The present invention relates to improvements in so-called ratchet type claw clutches or safety clutches. More particularly, the invention relates to improvements in clutches of the type wherein the claws of a rotary driving clutch element normally mesh with the claws of a rotary driven clutch element to transmit torque to one or more components which are rotated by the driven clutch element, and wherein one of the clutch elements is biased axially toward the other clutch element.
It is known to install in a power tool a safety clutch normally transmits torque to a tool spindle or the like and becomes disengaged when the driven clutch element offers excessive resistance to rotation with the driving clutch element. The two clutch elements are mounted and are rotatable on a common shaft and at least one thereof is movable axially against the opposition of biasing means to disengage its claws from the claws of the other clutch element when the resistance which the driven clutch element offers to rotation reaches a preselected value or when the speed of the driven clutch element exceeds the speed of the driving clutch element. The clutch elements may constitute disks or rings and may form part of or may be rigidly connected to pinions, gears or the like. The resistance which the axially movable clutch element must overcome in order to permit a disengagement of the clutch can be regulated by changing the bias of the spring or springs which urge the claws of the clutch elements into mesh with each other.

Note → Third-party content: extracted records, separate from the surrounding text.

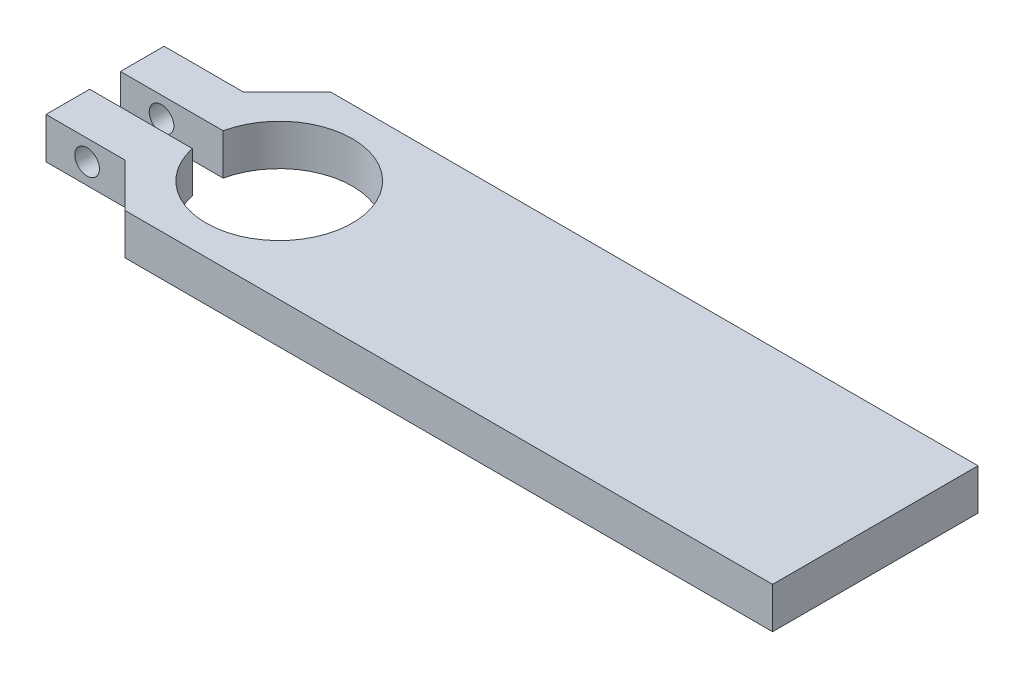
ISO-10303-21;
HEADER;
FILE_DESCRIPTION(('STEP AP214'),'2;1');
FILE_NAME('part.step','',(''),(''),'','','');
FILE_SCHEMA(('AUTOMOTIVE_DESIGN { 1 0 10303 214 1 1 1 1 }'));
ENDSEC;
DATA;
#1=APPLICATION_CONTEXT('core data for automotive mechanical design processes');
#2=APPLICATION_PROTOCOL_DEFINITION('international standard','automotive_design',2000,#1);
#3=PRODUCT_CONTEXT('',#1,'mechanical');
#4=PRODUCT('Part','Part','',(#3));
#5=PRODUCT_RELATED_PRODUCT_CATEGORY('part','',(#4));
#6=PRODUCT_DEFINITION_FORMATION('','',#4);
#7=PRODUCT_DEFINITION_CONTEXT('part definition',#1,'design');
#8=PRODUCT_DEFINITION('design','',#6,#7);
#9=PRODUCT_DEFINITION_SHAPE('','',#8);
#10=(LENGTH_UNIT() NAMED_UNIT(*) SI_UNIT(.MILLI.,.METRE.));
#11=(NAMED_UNIT(*) PLANE_ANGLE_UNIT() SI_UNIT($,.RADIAN.));
#12=(NAMED_UNIT(*) SI_UNIT($,.STERADIAN.) SOLID_ANGLE_UNIT());
#13=UNCERTAINTY_MEASURE_WITH_UNIT(LENGTH_MEASURE(1.E-05),#10,'distance_accuracy_value','');
#14=(GEOMETRIC_REPRESENTATION_CONTEXT(3) GLOBAL_UNCERTAINTY_ASSIGNED_CONTEXT((#13)) GLOBAL_UNIT_ASSIGNED_CONTEXT((#10,
#11,#12)) REPRESENTATION_CONTEXT('',''));
#15=CARTESIAN_POINT('',(0.,0.,0.));
#16=DIRECTION('',(0.,0.,1.));
#17=DIRECTION('',(1.,0.,0.));
#18=AXIS2_PLACEMENT_3D('',#15,#16,#17);
#19=CARTESIAN_POINT('',(0.,4.,0.));
#20=DIRECTION('',(1.,0.,0.));
#21=DIRECTION('',(0.,0.,-1.));
#22=AXIS2_PLACEMENT_3D('',#19,#20,#21);
#23=PLANE('',#22);
#24=DIRECTION('',(0.,0.,1.));
#25=VECTOR('',#24,1.);
#26=CARTESIAN_POINT('',(0.,0.,0.));
#27=LINE('',#26,#25);
#28=CARTESIAN_POINT('',(0.,0.,-8.5));
#29=VERTEX_POINT('',#28);
#30=CARTESIAN_POINT('',(0.,0.,-4.25));
#31=VERTEX_POINT('',#30);
#32=EDGE_CURVE('E159',#29,#31,#27,.T.);
#33=ORIENTED_EDGE('',*,*,#32,.T.);
#34=DIRECTION('',(0.,1.,0.));
#35=VECTOR('',#34,1.);
#36=CARTESIAN_POINT('',(0.,0.,-4.25));
#37=LINE('',#36,#35);
#38=CARTESIAN_POINT('',(0.,4.,-4.25));
#39=VERTEX_POINT('',#38);
#40=EDGE_CURVE('E223',#31,#39,#37,.T.);
#41=ORIENTED_EDGE('',*,*,#40,.T.);
#42=DIRECTION('',(0.,0.,1.));
#43=VECTOR('',#42,1.);
#44=CARTESIAN_POINT('',(0.,4.,0.));
#45=LINE('',#44,#43);
#46=CARTESIAN_POINT('',(0.,4.,-8.5));
#47=VERTEX_POINT('',#46);
#48=EDGE_CURVE('E177',#47,#39,#45,.T.);
#49=ORIENTED_EDGE('',*,*,#48,.F.);
#50=DIRECTION('',(0.,-1.,0.));
#51=VECTOR('',#50,1.);
#52=CARTESIAN_POINT('',(0.,4.000012,-8.5));
#53=LINE('',#52,#51);
#54=EDGE_CURVE('E186',#47,#29,#53,.T.);
#55=ORIENTED_EDGE('',*,*,#54,.T.);
#56=EDGE_LOOP('',(#33,#41,#49,#55));
#57=FACE_BOUND('',#56,.T.);
#58=ADVANCED_FACE('F39',(#57),#23,.F.);
#59=CARTESIAN_POINT('',(0.,4.,-15.75));
#60=VERTEX_POINT('',#59);
#61=CARTESIAN_POINT('',(0.,4.,-11.5));
#62=VERTEX_POINT('',#61);
#63=EDGE_CURVE('E150',#60,#62,#45,.T.);
#64=ORIENTED_EDGE('',*,*,#63,.F.);
#65=DIRECTION('',(0.,1.,0.));
#66=VECTOR('',#65,1.);
#67=CARTESIAN_POINT('',(0.,0.,-15.75));
#68=LINE('',#67,#66);
#69=CARTESIAN_POINT('',(0.,0.,-15.75));
#70=VERTEX_POINT('',#69);
#71=EDGE_CURVE('E134',#70,#60,#68,.T.);
#72=ORIENTED_EDGE('',*,*,#71,.F.);
#73=CARTESIAN_POINT('',(0.,0.,-11.5));
#74=VERTEX_POINT('',#73);
#75=EDGE_CURVE('E148',#70,#74,#27,.T.);
#76=ORIENTED_EDGE('',*,*,#75,.T.);
#77=DIRECTION('',(0.,-1.,0.));
#78=VECTOR('',#77,1.);
#79=CARTESIAN_POINT('',(0.,4.000012,-11.5));
#80=LINE('',#79,#78);
#81=EDGE_CURVE('E252',#62,#74,#80,.T.);
#82=ORIENTED_EDGE('',*,*,#81,.F.);
#83=EDGE_LOOP('',(#64,#72,#76,#82));
#84=FACE_BOUND('',#83,.T.);
#85=ADVANCED_FACE('F146',(#84),#23,.F.);
#86=CARTESIAN_POINT('',(0.,4.,0.));
#87=DIRECTION('',(0.,-1.,0.));
#88=DIRECTION('',(0.,0.,-1.));
#89=AXIS2_PLACEMENT_3D('',#86,#87,#88);
#90=PLANE('',#89);
#91=DIRECTION('',(-1.,0.,0.));
#92=VECTOR('',#91,1.);
#93=CARTESIAN_POINT('',(0.,4.,-20.));
#94=LINE('',#93,#92);
#95=CARTESIAN_POINT('',(75.,4.,-20.));
#96=VERTEX_POINT('',#95);
#97=CARTESIAN_POINT('',(11.9412531141164,4.,-20.));
#98=VERTEX_POINT('',#97);
#99=EDGE_CURVE('E168',#96,#98,#94,.T.);
#100=ORIENTED_EDGE('',*,*,#99,.T.);
#101=DIRECTION('',(0.707106781186547,0.,-0.707106781186548));
#102=VECTOR('',#101,1.);
#103=CARTESIAN_POINT('',(7.69125311411642,4.,-15.75));
#104=LINE('',#103,#102);
#105=CARTESIAN_POINT('',(7.69125311411642,4.,-15.75));
#106=VERTEX_POINT('',#105);
#107=EDGE_CURVE('E64',#106,#98,#104,.T.);
#108=ORIENTED_EDGE('',*,*,#107,.F.);
#109=DIRECTION('',(1.,0.,0.));
#110=VECTOR('',#109,1.);
#111=CARTESIAN_POINT('',(0.,4.,-15.75));
#112=LINE('',#111,#110);
#113=EDGE_CURVE('E227',#60,#106,#112,.T.);
#114=ORIENTED_EDGE('',*,*,#113,.F.);
#115=ORIENTED_EDGE('',*,*,#63,.T.);
#116=DIRECTION('',(-1.,0.,0.));
#117=VECTOR('',#116,1.);
#118=CARTESIAN_POINT('',(0.,4.,-11.5));
#119=LINE('',#118,#117);
#120=CARTESIAN_POINT('',(10.,4.,-11.5));
#121=VERTEX_POINT('',#120);
#122=EDGE_CURVE('E185',#121,#62,#119,.T.);
#123=ORIENTED_EDGE('',*,*,#122,.F.);
#124=CARTESIAN_POINT('',(16.9602011465187,4.,-10.));
#125=DIRECTION('',(0.,1.,0.));
#126=DIRECTION('',(0.,0.,1.));
#127=AXIS2_PLACEMENT_3D('',#124,#125,#126);
#128=CIRCLE('',#127,7.12);
#129=CARTESIAN_POINT('',(10.,4.,-8.5));
#130=VERTEX_POINT('',#129);
#131=EDGE_CURVE('E181',#130,#121,#128,.T.);
#132=ORIENTED_EDGE('',*,*,#131,.F.);
#133=DIRECTION('',(1.,0.,0.));
#134=VECTOR('',#133,1.);
#135=CARTESIAN_POINT('',(0.,4.,-8.5));
#136=LINE('',#135,#134);
#137=EDGE_CURVE('E166',#47,#130,#136,.T.);
#138=ORIENTED_EDGE('',*,*,#137,.F.);
#139=ORIENTED_EDGE('',*,*,#48,.T.);
#140=DIRECTION('',(-1.,0.,0.));
#141=VECTOR('',#140,1.);
#142=CARTESIAN_POINT('',(0.,4.,-4.25));
#143=LINE('',#142,#141);
#144=CARTESIAN_POINT('',(7.69125311411642,4.,-4.25));
#145=VERTEX_POINT('',#144);
#146=EDGE_CURVE('E212',#145,#39,#143,.T.);
#147=ORIENTED_EDGE('',*,*,#146,.F.);
#148=DIRECTION('',(-0.707106781186547,0.,-0.707106781186548));
#149=VECTOR('',#148,1.);
#150=CARTESIAN_POINT('',(7.69125311411642,4.,-4.25));
#151=LINE('',#150,#149);
#152=CARTESIAN_POINT('',(11.9412531141164,4.,0.));
#153=VERTEX_POINT('',#152);
#154=EDGE_CURVE('E217',#153,#145,#151,.T.);
#155=ORIENTED_EDGE('',*,*,#154,.F.);
#156=DIRECTION('',(1.,0.,0.));
#157=VECTOR('',#156,1.);
#158=CARTESIAN_POINT('',(0.,4.,0.));
#159=LINE('',#158,#157);
#160=CARTESIAN_POINT('',(75.,4.,0.));
#161=VERTEX_POINT('',#160);
#162=EDGE_CURVE('E265',#153,#161,#159,.T.);
#163=ORIENTED_EDGE('',*,*,#162,.T.);
#164=DIRECTION('',(0.,0.,-1.));
#165=VECTOR('',#164,1.);
#166=CARTESIAN_POINT('',(75.,4.,0.));
#167=LINE('',#166,#165);
#168=EDGE_CURVE('E267',#161,#96,#167,.T.);
#169=ORIENTED_EDGE('',*,*,#168,.T.);
#170=EDGE_LOOP('',(#100,#108,#114,#115,#123,#132,#138,#139,#147,#155,#163,#169));
#171=FACE_BOUND('',#170,.T.);
#172=ADVANCED_FACE('F273',(#171),#90,.F.);
#173=CARTESIAN_POINT('',(0.,0.,0.));
#174=DIRECTION('',(0.,-1.,0.));
#175=DIRECTION('',(0.,0.,-1.));
#176=AXIS2_PLACEMENT_3D('',#173,#174,#175);
#177=PLANE('',#176);
#178=DIRECTION('',(0.707106781186547,0.,-0.707106781186548));
#179=VECTOR('',#178,1.);
#180=CARTESIAN_POINT('',(7.69125311411642,0.,-15.75));
#181=LINE('',#180,#179);
#182=CARTESIAN_POINT('',(7.69125311411642,0.,-15.75));
#183=VERTEX_POINT('',#182);
#184=CARTESIAN_POINT('',(11.9412531141164,0.,-20.));
#185=VERTEX_POINT('',#184);
#186=EDGE_CURVE('E142',#183,#185,#181,.T.);
#187=ORIENTED_EDGE('',*,*,#186,.T.);
#188=DIRECTION('',(-1.,0.,0.));
#189=VECTOR('',#188,1.);
#190=CARTESIAN_POINT('',(0.,0.,-20.));
#191=LINE('',#190,#189);
#192=CARTESIAN_POINT('',(75.,0.,-20.));
#193=VERTEX_POINT('',#192);
#194=EDGE_CURVE('E173',#193,#185,#191,.T.);
#195=ORIENTED_EDGE('',*,*,#194,.F.);
#196=DIRECTION('',(0.,0.,-1.));
#197=VECTOR('',#196,1.);
#198=CARTESIAN_POINT('',(75.,0.,0.));
#199=LINE('',#198,#197);
#200=CARTESIAN_POINT('',(75.,0.,0.));
#201=VERTEX_POINT('',#200);
#202=EDGE_CURVE('E163',#201,#193,#199,.T.);
#203=ORIENTED_EDGE('',*,*,#202,.F.);
#204=DIRECTION('',(1.,0.,0.));
#205=VECTOR('',#204,1.);
#206=CARTESIAN_POINT('',(0.,0.,0.));
#207=LINE('',#206,#205);
#208=CARTESIAN_POINT('',(11.9412531141164,0.,0.));
#209=VERTEX_POINT('',#208);
#210=EDGE_CURVE('E158',#209,#201,#207,.T.);
#211=ORIENTED_EDGE('',*,*,#210,.F.);
#212=DIRECTION('',(-0.707106781186547,0.,-0.707106781186548));
#213=VECTOR('',#212,1.);
#214=CARTESIAN_POINT('',(7.69125311411642,0.,-4.25));
#215=LINE('',#214,#213);
#216=CARTESIAN_POINT('',(7.69125311411642,0.,-4.25));
#217=VERTEX_POINT('',#216);
#218=EDGE_CURVE('E56',#209,#217,#215,.T.);
#219=ORIENTED_EDGE('',*,*,#218,.T.);
#220=DIRECTION('',(-1.,0.,0.));
#221=VECTOR('',#220,1.);
#222=CARTESIAN_POINT('',(0.,0.,-4.25));
#223=LINE('',#222,#221);
#224=EDGE_CURVE('E211',#217,#31,#223,.T.);
#225=ORIENTED_EDGE('',*,*,#224,.T.);
#226=ORIENTED_EDGE('',*,*,#32,.F.);
#227=DIRECTION('',(1.,0.,0.));
#228=VECTOR('',#227,1.);
#229=CARTESIAN_POINT('',(0.,0.,-8.5));
#230=LINE('',#229,#228);
#231=CARTESIAN_POINT('',(10.,0.,-8.5));
#232=VERTEX_POINT('',#231);
#233=EDGE_CURVE('E236',#29,#232,#230,.T.);
#234=ORIENTED_EDGE('',*,*,#233,.T.);
#235=CARTESIAN_POINT('',(16.9602011465187,0.,-10.));
#236=DIRECTION('',(0.,1.,0.));
#237=DIRECTION('',(0.,0.,-1.));
#238=AXIS2_PLACEMENT_3D('',#235,#236,#237);
#239=CIRCLE('',#238,7.12);
#240=CARTESIAN_POINT('',(10.,0.,-11.5));
#241=VERTEX_POINT('',#240);
#242=EDGE_CURVE('E240',#232,#241,#239,.T.);
#243=ORIENTED_EDGE('',*,*,#242,.T.);
#244=DIRECTION('',(-1.,0.,0.));
#245=VECTOR('',#244,1.);
#246=CARTESIAN_POINT('',(0.,0.,-11.5));
#247=LINE('',#246,#245);
#248=EDGE_CURVE('E156',#241,#74,#247,.T.);
#249=ORIENTED_EDGE('',*,*,#248,.T.);
#250=ORIENTED_EDGE('',*,*,#75,.F.);
#251=DIRECTION('',(1.,0.,0.));
#252=VECTOR('',#251,1.);
#253=CARTESIAN_POINT('',(0.,0.,-15.75));
#254=LINE('',#253,#252);
#255=EDGE_CURVE('E129',#70,#183,#254,.T.);
#256=ORIENTED_EDGE('',*,*,#255,.T.);
#257=EDGE_LOOP('',(#187,#195,#203,#211,#219,#225,#226,#234,#243,#249,#250,#256));
#258=FACE_BOUND('',#257,.T.);
#259=ADVANCED_FACE('F154',(#258),#177,.T.);
#260=CARTESIAN_POINT('',(0.,4.,0.));
#261=DIRECTION('',(0.,0.,-1.));
#262=DIRECTION('',(-1.,0.,0.));
#263=AXIS2_PLACEMENT_3D('',#260,#261,#262);
#264=PLANE('',#263);
#265=ORIENTED_EDGE('',*,*,#162,.F.);
#266=DIRECTION('',(0.,1.,0.));
#267=VECTOR('',#266,1.);
#268=CARTESIAN_POINT('',(11.9412531141164,0.,0.));
#269=LINE('',#268,#267);
#270=EDGE_CURVE('E216',#209,#153,#269,.T.);
#271=ORIENTED_EDGE('',*,*,#270,.F.);
#272=ORIENTED_EDGE('',*,*,#210,.T.);
#273=DIRECTION('',(0.,-1.,0.));
#274=VECTOR('',#273,1.);
#275=CARTESIAN_POINT('',(75.,4.,0.));
#276=LINE('',#275,#274);
#277=EDGE_CURVE('E11',#161,#201,#276,.T.);
#278=ORIENTED_EDGE('',*,*,#277,.F.);
#279=EDGE_LOOP('',(#265,#271,#272,#278));
#280=FACE_BOUND('',#279,.T.);
#281=ADVANCED_FACE('F306',(#280),#264,.F.);
#282=CARTESIAN_POINT('',(75.,4.,0.));
#283=DIRECTION('',(-1.,0.,0.));
#284=DIRECTION('',(0.,0.,1.));
#285=AXIS2_PLACEMENT_3D('',#282,#283,#284);
#286=PLANE('',#285);
#287=ORIENTED_EDGE('',*,*,#202,.T.);
#288=DIRECTION('',(0.,-1.,0.));
#289=VECTOR('',#288,1.);
#290=CARTESIAN_POINT('',(75.,4.,-20.));
#291=LINE('',#290,#289);
#292=EDGE_CURVE('E48',#96,#193,#291,.T.);
#293=ORIENTED_EDGE('',*,*,#292,.F.);
#294=ORIENTED_EDGE('',*,*,#168,.F.);
#295=ORIENTED_EDGE('',*,*,#277,.T.);
#296=EDGE_LOOP('',(#287,#293,#294,#295));
#297=FACE_BOUND('',#296,.T.);
#298=ADVANCED_FACE('F307',(#297),#286,.F.);
#299=CARTESIAN_POINT('',(0.,4.,-20.));
#300=DIRECTION('',(0.,0.,1.));
#301=DIRECTION('',(1.,0.,0.));
#302=AXIS2_PLACEMENT_3D('',#299,#300,#301);
#303=PLANE('',#302);
#304=ORIENTED_EDGE('',*,*,#194,.T.);
#305=DIRECTION('',(0.,1.,0.));
#306=VECTOR('',#305,1.);
#307=CARTESIAN_POINT('',(11.9412531141164,0.,-20.));
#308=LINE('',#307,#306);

For example, when a safety clutch of the just described character is installed in a portable power tool wherein a pneumatic or electric motor normally rotates a screwdriver, a drill or another rotary tool, the clutch insures that the operator is not injured when the tool ceases to rotate or the rotational speed of the tool decreases because the working end of the tool encounters excessive resistance to penetration into or rotation of a workpiece or the like. As a rule, the claws of the clutch elements in ratchet type safety clutches have abutting inclined surfaces which transmit torque under normal circumstances but slide over each other when the tool jams or its rotational speed decreases. Once the clutch is disengaged, the claws of the driving clutch element ride over the claws of the driven clutch element, thereupon enter the spaces between the claws of the driven clutch element, again ride over the claws of the driven clutch element, and so on until the resistance of the driven clutch element decreases or the motor which drives the driving clutch element is arrested. The magnitude of the so-called disengaging moment (at which the driving clutch element becomes disengaged from the driven clutch element) is relatively high, depending on the bias of the clutch spring(s), and the magnitude of the moment which remains and tends to reengage the clutch while the driving clutch element rotates relative to the driven clutch element is also relatively high. In most instances, the remaining or reengaging moment equals or approximates 90 percent of the disengaging moment. This causes excessive wear on the elements of the clutch and compels the operator to exert a very substantial effort in order to hold the housing of the power tool against rotation. The remaining or reengaging moment (while the clutch is disengaged and while the driving clutch element continues to rotate) is less than the disengaging moment because friction between the abutting surfaces of clutch elements is less when the driving clutch element rotates with respect to the driven clutch element. This is due to the fact that the force with which the material of the driving clutch element tends to adhere to the material of the driven clutch element in engaged condition of the clutch (factor .mu.) is higher than when the claws of the driving clutch element ratchet over the claws of the driven clutch element.